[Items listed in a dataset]

• • • •

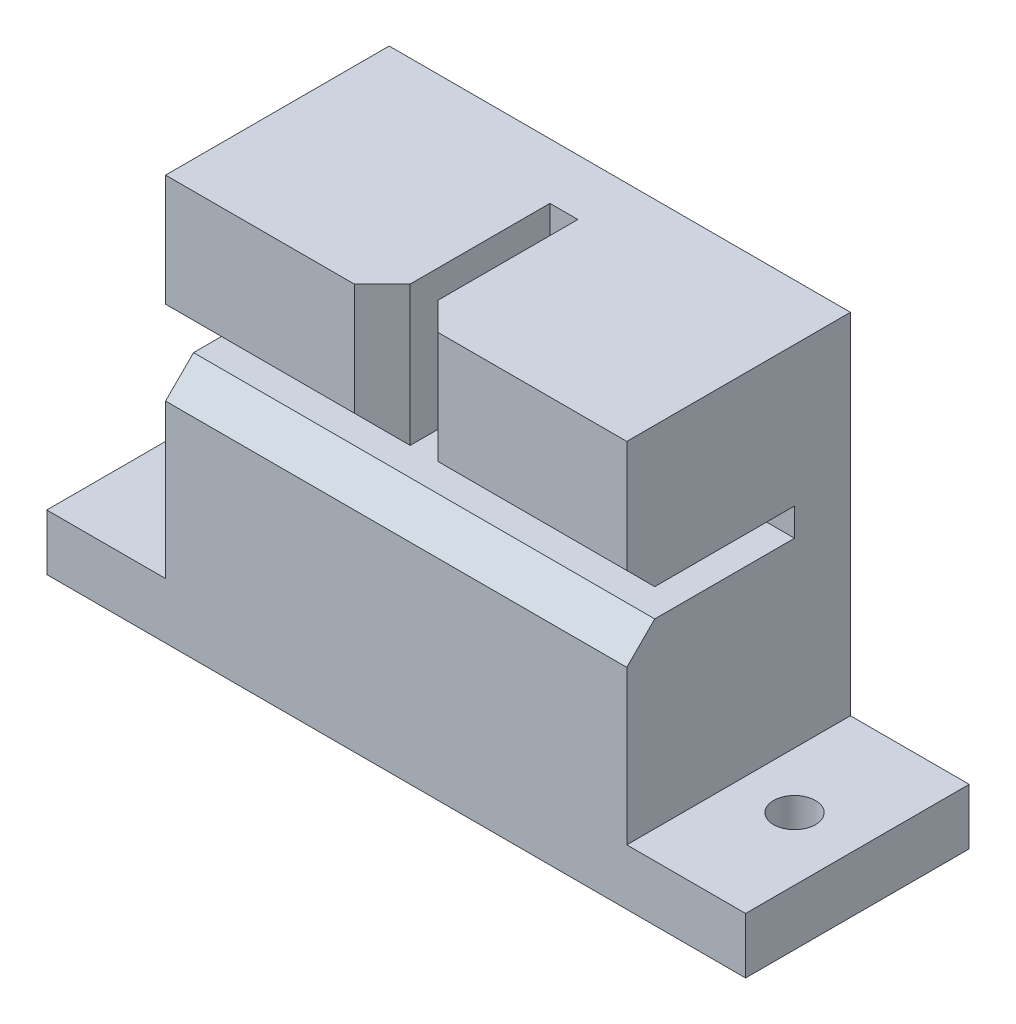
from build123d import *

# Parameters (mm, degrees)
EXTRUDE1_DEPTH = 16
EXTRUDE6_DEPTH = 12
CHAMFER1_SIZE  = 2
SKETCH3_R      = 1.5
EXTRUDE7_DEPTH = 4


with BuildPart() as part:
    # Sketch1 → Extrude1 (new body)
    with BuildSketch(Plane.XY):
        Polygon((16.5, -10.5), (25, -10.5), (25, -14.5), (-25, -14.5), (-25, -10.5), (-16.5, -10.5), (-16.5, 14.5), (16.5, 14.5), align=None)
    extrude(amount=-EXTRUDE1_DEPTH)

    # Sketch2 → Extrude6 (cut)
    with BuildSketch(Plane.XY):
        Polygon((1, 14.5), (-1, 14.5), (-1, 4.5), (-16.5, 4.5), (-16.5, 2.5), (16.5, 2.5), (16.5, 4.5), (1, 4.5), align=None)
    extrude(amount=-EXTRUDE6_DEPTH, mode=Mode.SUBTRACT)

    # Chamfer1
    chamfer1_edges = [part.edges().sort_by_distance(p)[0] for p in [
        (-1, 9.5, 0),
        (8.75, 4.5, 0),
        (-8.75, 4.5, 0),
        (0, 2.5, 0),
        (1, 9.5, 0),
    ]]
    chamfer(chamfer1_edges, length=CHAMFER1_SIZE)

    # Sketch3 → Extrude7 (cut)
    with BuildSketch(Plane.XZ.offset(14.5)):
        with Locations((-20.5, -8)):
            Circle(SKETCH3_R)
        with Locations((20.5, -8)):
            Circle(SKETCH3_R)
    extrude(amount=-EXTRUDE7_DEPTH, mode=Mode.SUBTRACT)


solid = part.part
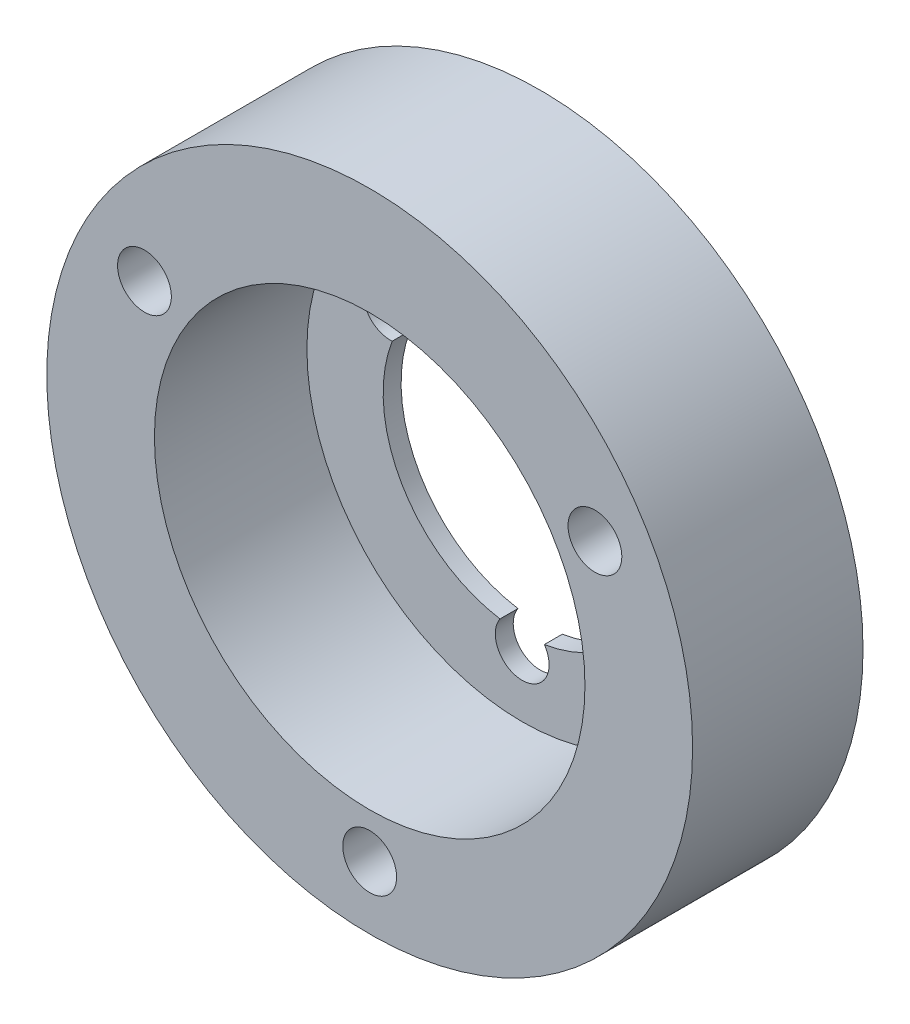
from build123d import *

# Parameters (mm, degrees)
ESQUISSE1_W      = 50
ESQUISSE1_H      = 9.5
EXTRUSION1_DEPTH = 45
ESQUISSE2_R      = 1.5
EXTRUSION2_DEPTH = 45
ESQUISSE3_R      = 12
EXTRUSION3_DEPTH = 8.5
ESQUISSE4_R      = 36.120283588
ESQUISSE4_R_2    = 18
EXTRUSION4_DEPTH = 10.5


with BuildPart() as part:
    # Esquisse1 → Extrusion1 (new body)
    with BuildSketch(Plane(origin=(0, 0, 0), x_dir=(1, 0, 0), z_dir=(0, 1, 0))):
        with Locations((25, -4.75)):
            Rectangle(ESQUISSE1_W, ESQUISSE1_H)
    extrude(amount=EXTRUSION1_DEPTH)

    # Esquisse2 → Extrusion2 (cut)
    with BuildSketch(Plane.XY.offset(9.5)):
        with Locations((12.445, 29.74863263)):
            Circle(ESQUISSE2_R)
        with Locations((37.555, 29.74863263)):
            Circle(ESQUISSE2_R)
        with Locations((25, 8.002734741)):
            Circle(ESQUISSE2_R)
        with BuildLine():
            ThreePointArc((17.756055836, 25.254591249), (16.339745962, 27.5), (18.992481919, 27.396144045))
            ThreePointArc((18.992481919, 27.396144045), (25, 30.25), (31.007518081, 27.396144045))
            ThreePointArc((31.007518081, 27.396144045), (33.660254038, 27.5), (32.243944164, 25.254591249))
            ThreePointArc((32.243944164, 25.254591249), (31.711696879, 18.625), (26.236426083, 14.849264706))
            ThreePointArc((26.236426083, 14.849264706), (25, 12.5), (23.763573917, 14.849264706))
            ThreePointArc((23.763573917, 14.849264706), (18.288303121, 18.625), (17.756055836, 25.254591249))
        make_face()
    extrude(amount=-EXTRUSION2_DEPTH, mode=Mode.SUBTRACT)

    # Esquisse3 → Extrusion3 (cut)
    with BuildSketch(Plane.XY.offset(9.5)):
        with Locations((25, 22.5)):
            Circle(ESQUISSE3_R)
    extrude(amount=-EXTRUSION3_DEPTH, mode=Mode.SUBTRACT)

    # Esquisse4 → Extrusion4 (cut, through all)
    with BuildSketch(Plane.XY.offset(9.5)):
        with Locations((25, 22.5)):
            Circle(ESQUISSE4_R)
        with Locations((25, 22.5)):
            Circle(ESQUISSE4_R_2, mode=Mode.SUBTRACT)
    extrude(amount=-EXTRUSION4_DEPTH, mode=Mode.SUBTRACT)


solid = part.part
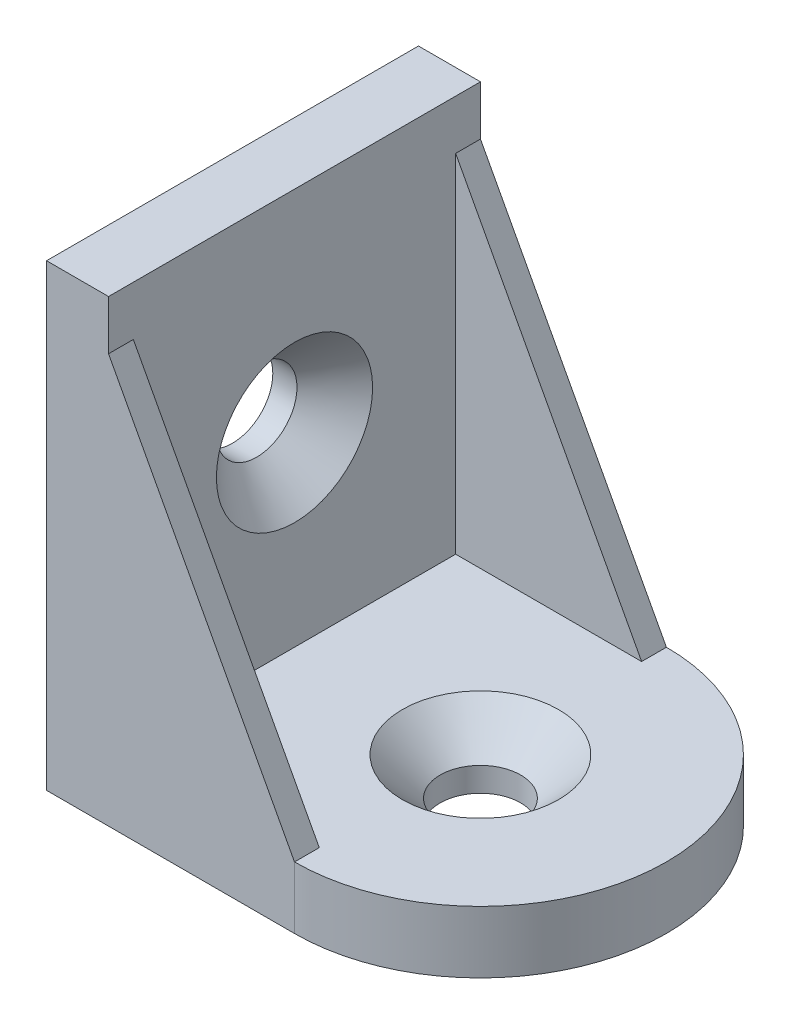
from build123d import *

# Parameters (mm, degrees)
EXTRUDE_1_DEPTH     = 15
CUT_EXTRUDE_2_DEPTH = 6
EXTRUDE_2_DEPTH     = 2


with BuildPart() as part:
    # Эскиз1 → Бобышка-Вытянуть1 (new body, symmetric)
    with BuildSketch(Plane.XY):
        Polygon((0, 37), (0, 0), (35, 0), (35, 5), (5, 5), (5, 37), align=None)
    extrude(amount=EXTRUDE_1_DEPTH, both=True)

    # Эскиз5 → Вырез-Вытянуть2 (cut, through all)
    with BuildSketch(Plane(origin=(0, 5, 0), x_dir=(1, 0, 0), z_dir=(0, 1, 0))):
        with BuildLine():
            Line((35, 15), (20, 15))
            ThreePointArc((20, 15), (30.606601718, 10.606601718), (35, 0))
            Line((35, 0), (35, 15))
        make_face()
        with BuildLine():
            Line((35, -15), (35, 0))
            ThreePointArc((35, 0), (30.606601718, -10.606601718), (20, -15))
            Line((20, -15), (35, -15))
        make_face()
    extrude(amount=-CUT_EXTRUDE_2_DEPTH, mode=Mode.SUBTRACT)

    # Эскиз2 → Бобышка-Вытянуть2 (add)
    with BuildSketch(Plane.XY.offset(15)):
        Polygon((5, 33), (20, 5), (5, 5), align=None)
    extrude_2 = extrude(amount=-EXTRUDE_2_DEPTH)

    # Зеркальное отражение2: Бобышка-Вытянуть2 across plane
    add(extrude_2.mirror(Plane.XY))

    # Эскиз8 → Зенковка для винта с полупотайной головкой M61 (revolve, cut)
    with BuildSketch(Plane(origin=(20, 5, 0), x_dir=(0, 0, 1), z_dir=(1, 0, 0))):
        Polygon((0, 0), (0, 11.202797012), (3.25, 9.25), (3.25, 3.05), (6.3, 0), align=None)
    hole_wizard_m61 = revolve(axis=Axis((20, 11.35, 0), (0, -1, 0)), mode=Mode.SUBTRACT)

    # Зеркальное отражение3: Зенковка для винта с полупотайной головкой M61 across plane
    add(hole_wizard_m61.mirror(Plane(origin=(0, 0, 0), x_dir=(0, 0, 1), z_dir=(-0.707106781, 0.707106781, 0))), mode=Mode.SUBTRACT)


solid = part.part
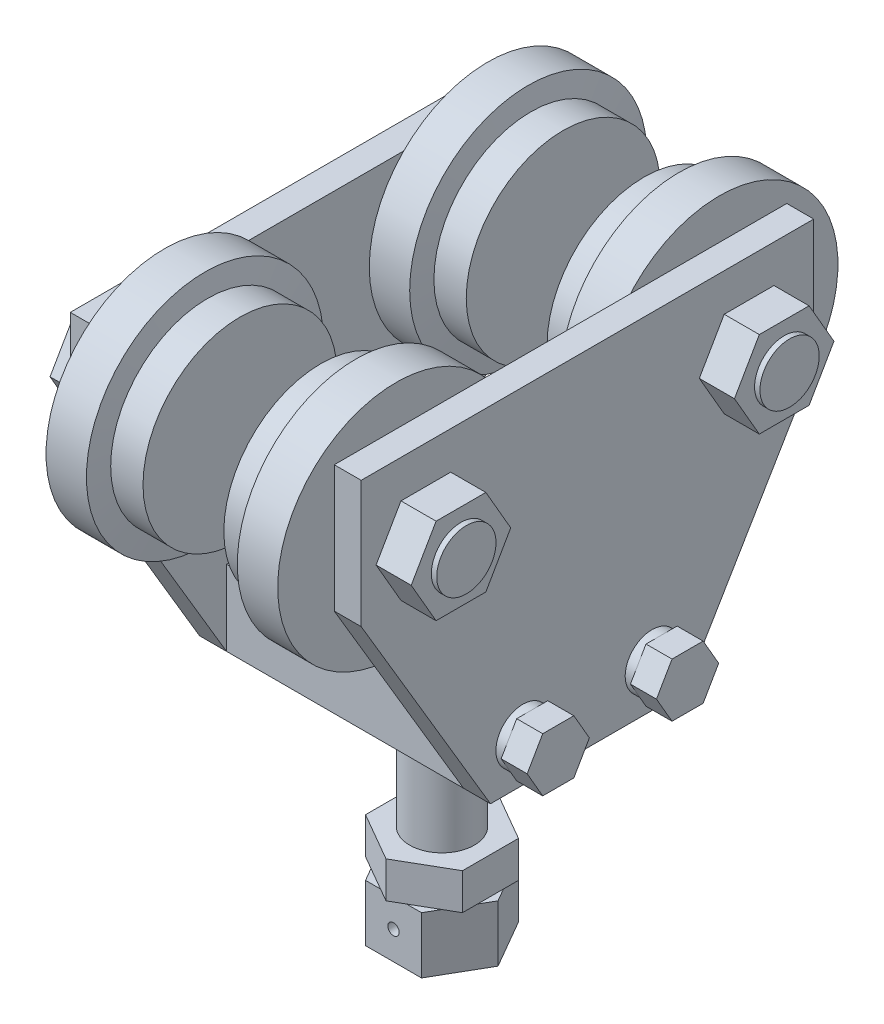
from build123d import *

# Parameters (mm, degrees)
YOKE_CROSS_SECTION_W           = 114.3
YOKE_CROSS_SECTION_H           = 44.45
YOKE_DEPTH                     = 69.85
SIDEPLATE_DEPTH                = 15.875
WHEEL_PIN_NUT_DEPTH            = 20.701
WHEEL_PIN_PROJECTION_PROFILE_R = 17.4625
WHEEL_PIN_PROJECTION_DEPTH     = 3.175
LOCKNUTS_PROFILE_R             = 15.875
LOCKNUTS_DEPTH                 = 5.5626
SCREWS_DEPTH                   = 15.3416
PROFILE_R                      = 28.575
KING_BOLT_HEAD_DEPTH           = 31.75
DIA_R                          = 19.05
KING_BOLT_DEPTH                = 83.052101
KING_BOLT_JAM_NUT_DEPTH        = 21.43125
KING_BOLT_NUT_DEPTH            = 33.3375
SKETCH5_R                      = 19.05
EXTENDED_KING_BOLT_DEPTH       = 6.35
CHAMFER1_SIZE                  = 2.38125
COTTER_PIN_HOLE_REACH          = 163.925
SKETCH11_R                     = 3.3401


with BuildPart() as part:
    # YOKE CROSS SECTION → YOKE (new body)
    with BuildSketch(Plane(origin=(0, 0, 0), x_dir=(0, 0, -1), z_dir=(1, 0, 0))):
        with Locations((0, 22.225)):
            Rectangle(YOKE_CROSS_SECTION_W, YOKE_CROSS_SECTION_H)
    extrude(amount=YOKE_DEPTH)

    # SIDEPLATE PROFILE → SIDEPLATE (add)
    with BuildSketch(Plane(origin=(69.85, 0, 0), x_dir=(0, 0, -1), z_dir=(1, 0, 0))):
        Polygon((-133.35, 203.2), (-133.35, 128.517771554), (-57.15, 0), (0, 0), (57.15, 0), (133.35, 128.517771554), (133.35, 203.2), align=None)
    extrude(amount=SIDEPLATE_DEPTH)

    # WHEEL PIN NUT PROFILE → WHEEL PIN NUT (add)
    with BuildSketch(Plane(origin=(85.725, 0, 0), x_dir=(0, 0, -1), z_dir=(1, 0, 0))):
        Polygon((-65.920606325, 155.575), (-80.585303163, 180.975), (-109.914696837, 180.975), (-124.579393675, 155.575), (-109.914696837, 130.175), (-80.585303163, 130.175), align=None)
    wheel_pin_nut = extrude(amount=WHEEL_PIN_NUT_DEPTH)

    # WHEEL PIN PROJECTION PROFILE → WHEEL PIN PROJECTION (add)
    with BuildSketch(Plane(origin=(106.426, 0, 0), x_dir=(0, 0, -1), z_dir=(1, 0, 0))):
        with Locations((-95.25, 155.575)):
            Circle(WHEEL_PIN_PROJECTION_PROFILE_R)
    wheel_pin_projection = extrude(amount=WHEEL_PIN_PROJECTION_DEPTH)

    # LOCKNUTS PROFILE → LOCKNUTS (add)
    with BuildSketch(Plane(origin=(85.725, 0, 0), x_dir=(0, 0, -1), z_dir=(1, 0, 0))):
        with Locations(Location((-38.1, 25.4, 0), (0, 0, 180))):  # turned: the seam where the file's is
            Circle(LOCKNUTS_PROFILE_R)
    locknuts = extrude(amount=LOCKNUTS_DEPTH)

    # SCREWS PROFILE → SCREWS (add)
    with BuildSketch(Plane(origin=(91.2876, 0, 0), x_dir=(0, 0, -1), z_dir=(1, 0, 0))):
        Polygon((-19.769128953, 25.4), (-28.934564477, 41.275), (-47.265435523, 41.275), (-56.430871047, 25.4), (-47.265435523, 9.525), (-28.934564477, 9.525), align=None)
    screws = extrude(amount=SCREWS_DEPTH)

    # PROFILE → KING BOLT HEAD (add)
    with BuildSketch(Plane(origin=(0, 44.45, 0), x_dir=(-1, 0, 0), z_dir=(0, 1, 0))):
        with Locations(Location((0, 0, 0), (0, 0, 90))):  # turned: the seam where the file's is
            Circle(PROFILE_R)
    extrude(amount=KING_BOLT_HEAD_DEPTH)

    # Mirror1: WHEEL PIN NUT, WHEEL PIN PROJECTION across plane
    add(wheel_pin_nut.mirror(Plane.XY))
    add(wheel_pin_projection.mirror(Plane.XY))

    # Mirror YOKE SCREWS: LOCKNUTS, SCREWS across plane
    add(locknuts.mirror(Plane.XY))
    add(screws.mirror(Plane.XY))

    # Mirror SIDE 1: part across plane


with BuildPart() as part_1:
    add(part.part)
    add(part.part.mirror(Plane(origin=(0, 0, 0), x_dir=(0, 0, 1), z_dir=(1, 0, 0))))

    # DIA. → KING BOLT (add)
    with BuildSketch(Plane.XZ):
        with Locations(Location((0, 0, 0), (0, 0, 90))):  # turned: the seam where the file's is
            Circle(DIA_R)
    extrude(amount=KING_BOLT_DEPTH)

    # KING BOLT JAN NUT PROFILE → KING BOLT JAM NUT (add)
    with BuildSketch(Plane.XZ.offset(83.052100888)):
        Polygon((0, -32.995567884), (28.575, -16.497783942), (28.575, 16.497783942), (0, 32.995567884), (-28.575, 16.497783942), (-28.575, -16.497783942), align=None)
    extrude(amount=KING_BOLT_JAM_NUT_DEPTH)

    # KING BOLT NUT PROFILE → KING BOLT NUT (add)
    with BuildSketch(Plane.XZ.offset(104.483350888)):
        Polygon((32.995567884, 0), (16.497783942, 28.575), (-16.497783942, 28.575), (-32.995567884, 0), (-16.497783942, -28.575), (16.497783942, -28.575), align=None)
    extrude(amount=KING_BOLT_NUT_DEPTH)

    # Sketch5 → EXTENDED KING BOLT (add)
    with BuildSketch(Plane.XZ.offset(137.820850888)):
        with Locations(Location((0, 0, 0), (0, 0, 90))):  # turned: the seam where the file's is
            Circle(SKETCH5_R)
    extrude(amount=EXTENDED_KING_BOLT_DEPTH)

    # Chamfer1
    chamfer1_edges = [part_1.edges().sort_by_distance(p)[0] for p in [
        (0, -144.170850888, -19.05),
    ]]
    chamfer(chamfer1_edges, length=CHAMFER1_SIZE)

    # Sketch11 → COTTER PIN HOLE (cut, up to next)
    with BuildSketch(Plane(origin=(0, 0, -28.575), x_dir=(-1, 0, 0), z_dir=(0, 0, -1)), mode=Mode.PRIVATE) as cotter_pin_hole_sk1:
        with Locations((0, -121.152100888)):
            Circle(SKETCH11_R)
    cotter_pin_hole_tool1 = extrude(cotter_pin_hole_sk1.sketch, amount=-COTTER_PIN_HOLE_REACH, mode=Mode.PRIVATE) & part_1.part
    add(cotter_pin_hole_tool1.solids().sort_by_distance((0, -121.152101, -28.575))[0], mode=Mode.SUBTRACT)

    # Sketch12 → WHEEL (revolve)
    with BuildSketch(Plane.XY.offset(95.25), mode=Mode.PRIVATE) as wheel_sk:
        Polygon((23.8125, 155.575), (23.8125, 212.725), (42.8625, 212.725), (44.45, 225.425), (68.2625, 225.425), (68.2625, 179.3875), (69.85, 179.3875), (69.85, 155.575), align=None)
    wheel = revolve(wheel_sk.sketch.rotate(Axis((109.601, 155.575, 95.25), (-1, 0, 0)), 90), axis=Axis((109.601, 155.575, 95.25), (-1, 0, 0)))  # turned: the seam where the file's is

    # Mirror2: WHEEL across plane
    add(wheel.mirror(Plane.XY))

    # Mirror3: WHEEL across plane
    add(wheel.mirror(Plane(origin=(0, 0, 0), x_dir=(0, 0, 1), z_dir=(1, 0, 0))))

    # Mirror3 copy 1 sketch → Mirror3 copy 1 (revolve)
    with BuildSketch(Plane(origin=(0, 0, -95.25), x_dir=(-1, 0, 0), z_dir=(0, 0, -1))):
        Polygon((23.8125, 155.575), (23.8125, 212.725), (42.8625, 212.725), (44.45, 225.425), (68.2625, 225.425), (68.2625, 179.3875), (69.85, 179.3875), (69.85, 155.575), align=None)
    revolve(axis=Axis((-109.601, 155.575, -95.25), (1, 0, 0)))


solid = part_1.part

• • • •

### TASK PROMPT
Give back precisely the lines above that start at the line containing "# Mirror SIDE 1: part across plane" and end at the line containing "# KING BOLT JAN", inclusive. No other lines belong in the output.

### ANSWER FOR THE TASK
    # Mirror SIDE 1: part across plane


with BuildPart() as part_1:
    add(part.part)
    add(part.part.mirror(Plane(origin=(0, 0, 0), x_dir=(0, 0, 1), z_dir=(1, 0, 0))))

    # DIA. → KING BOLT (add)
    with BuildSketch(Plane.XZ):
        with Locations(Location((0, 0, 0), (0, 0, 90))):  # turned: the seam where the file's is
            Circle(DIA_R)
    extrude(amount=KING_BOLT_DEPTH)

    # KING BOLT JAN NUT PROFILE → KING BOLT JAM NUT (add)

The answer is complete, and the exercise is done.